> What the task requires
Please give again exactly the lines from the top of the material through the line with "doc.units = ezdxf.units.IN"; omit each picture.

> Dataset records
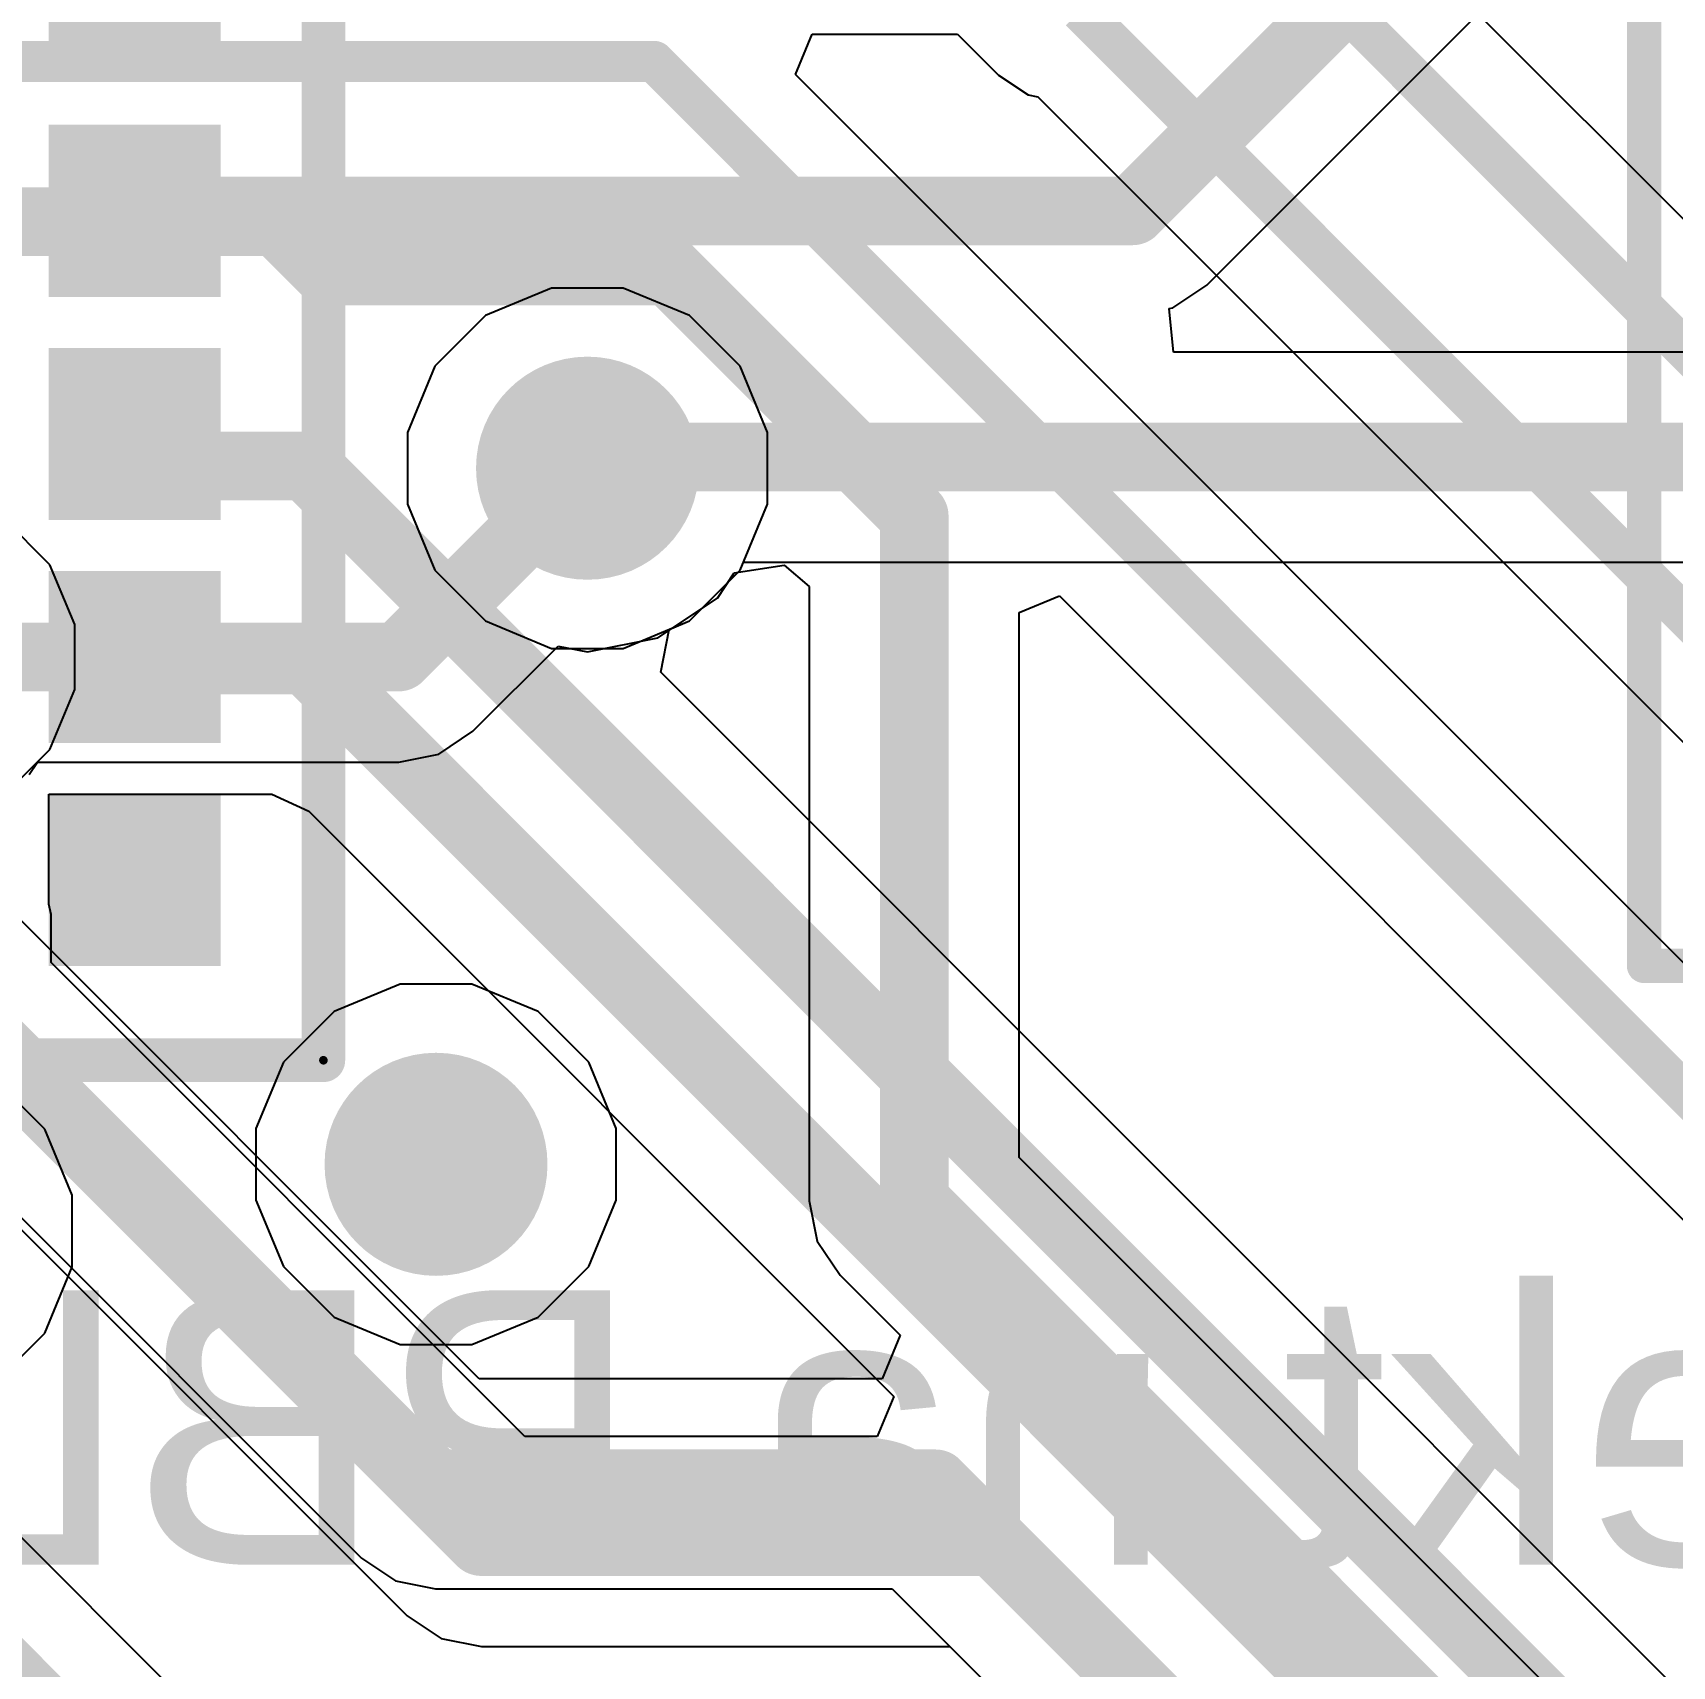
# Model space of a CAD drawing. Header units: inches. Extents: x 0.3 to 52.1, y -1.7 to 36.7.
# Drawn here: x 21.953 to 26.732, y 24.309 to 29.069 of the extents above; entities that cross this region are included whole.
import ezdxf

# ---------------------------------------------------------------- set-up
doc = ezdxf.new("R2010")
doc.units = ezdxf.units.IN
for name, color, linetype in [('Bottom Layer', 5, 'Continuous'), ('Bottom Overlay', 54, 'Continuous'), ('Internal1', 16, 'Continuous'), ('Internal2', 76, 'Continuous'), ('Top Assembly', 216, 'Continuous'), ('Top Component Outline', 6, 'Continuous'), ('Top Layer', 1, 'Continuous'), ('Top Overlay', 2, 'Continuous'), ('Top Paste', 8, 'Continuous'), ('Top Solder', 216, 'Continuous'), ('Via Holes', 16, 'Continuous')]:
    doc.layers.add(name, color=color, linetype=linetype)
doc.styles.add('Arial', font='', dxfattribs={"height": 0.2})
doc.styles.get('Arial').set_extended_font_data('Arial')

# ---------------------------------------------------------------- blocks, each defined once
blk = doc.blocks.new('ECS32712534BCTR_18')
at = {"layer": 'Top Layer'}
for points in [[(-1.8, -0.95), (-1.8, 0.95), (-0.7, 0.95), (-0.7, -0.95)], [(0.7, -0.95), (0.7, 0.95), (1.8, 0.95), (1.8, -0.95)]]:
    blk.add_hatch(color=1, dxfattribs=at).paths.add_polyline_path(points)
at = {"layer": 'Top Paste'}
for points in [[(-1.8, -0.95), (-1.8, 0.95), (-0.7, 0.95), (-0.7, -0.95)], [(0.7, -0.95), (0.7, 0.95), (1.8, 0.95), (1.8, -0.95)]]:
    blk.add_hatch(color=8, dxfattribs=at).paths.add_polyline_path(points)
at = {"layer": 'Top Solder'}
for points in [[(-1.85, -1), (-1.85, 1), (-0.65, 1), (-0.65, -1)], [(0.65, -1), (0.65, 1), (1.85, 1), (1.85, -1)]]:
    blk.add_hatch(color=216, dxfattribs=at).paths.add_polyline_path(points)
at = {"layer": 'Top Assembly'}
for points in [[(-2.8, -1.95, 0.1, 0.1, 0), (-2.8, 1.95, 0.1, 0.1, 0)], [(2.8, 1.95, 0.1, 0.1, 0), (-2.8, 1.95, 0.1, 0.1, 0)], [(2.8, -1.95, 0.1, 0.1, 0), (2.8, 1.95, 0.1, 0.1, 0)], [(2.8, -1.95, 0.1, 0.1, 0), (-2.8, -1.95, 0.1, 0.1, 0)]]:
    blk.add_lwpolyline(points, format="xyseb", dxfattribs=at)
for points in [[(-2.825, 1.95, 0.05, 0.05, 1), (-2.775, 1.95, 0.05, 0.05, 1)], [(-2.825, 1.95, 0.05, 0.05, 1), (-2.775, 1.95, 0.05, 0.05, 1)], [(2.775, 1.95, 0.05, 0.05, 1), (2.825, 1.95, 0.05, 0.05, 1)], [(2.775, 1.95, 0.05, 0.05, 1), (2.825, 1.95, 0.05, 0.05, 1)], [(-2.825, -1.95, 0.05, 0.05, 1), (-2.775, -1.95, 0.05, 0.05, 1)], [(-2.825, -1.95, 0.05, 0.05, 1), (-2.775, -1.95, 0.05, 0.05, 1)], [(2.775, -1.95, 0.05, 0.05, 1), (2.825, -1.95, 0.05, 0.05, 1)], [(2.775, -1.95, 0.05, 0.05, 1), (2.825, -1.95, 0.05, 0.05, 1)]]:
    blk.add_lwpolyline(points, format="xyseb", close=True, dxfattribs=at)
at = {"layer": 'Top Component Outline'}
for points in [[(-1.6, -0.75, 0.1, 0.1, 0), (-1.6, 0.75, 0.1, 0.1, 0)], [(1.6, 0.75, 0.1, 0.1, 0), (-1.6, 0.75, 0.1, 0.1, 0)], [(1.6, -0.75, 0.1, 0.1, 0), (1.6, 0.75, 0.1, 0.1, 0)], [(1.6, -0.75, 0.1, 0.1, 0), (-1.6, -0.75, 0.1, 0.1, 0)]]:
    blk.add_lwpolyline(points, format="xyseb", dxfattribs=at)
for points in [[(-1.625, 0.75, 0.05, 0.05, 1), (-1.575, 0.75, 0.05, 0.05, 1)], [(-1.625, 0.75, 0.05, 0.05, 1), (-1.575, 0.75, 0.05, 0.05, 1)], [(1.575, 0.75, 0.05, 0.05, 1), (1.625, 0.75, 0.05, 0.05, 1)], [(1.575, 0.75, 0.05, 0.05, 1), (1.625, 0.75, 0.05, 0.05, 1)], [(-1.625, -0.75, 0.05, 0.05, 1), (-1.575, -0.75, 0.05, 0.05, 1)], [(-1.625, -0.75, 0.05, 0.05, 1), (-1.575, -0.75, 0.05, 0.05, 1)], [(1.575, -0.75, 0.05, 0.05, 1), (1.625, -0.75, 0.05, 0.05, 1)], [(1.575, -0.75, 0.05, 0.05, 1), (1.625, -0.75, 0.05, 0.05, 1)]]:
    blk.add_lwpolyline(points, format="xyseb", close=True, dxfattribs=at)
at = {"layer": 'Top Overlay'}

> Exercise response
# Model space of a CAD drawing. Header units: inches. Extents: x 0.3 to 52.1, y -1.7 to 36.7.
# Drawn here: x 21.953 to 26.732, y 24.309 to 29.069 of the extents above; entities that cross this region are included whole.
import ezdxf

# ---------------------------------------------------------------- set-up
doc = ezdxf.new("R2010")
doc.units = ezdxf.units.IN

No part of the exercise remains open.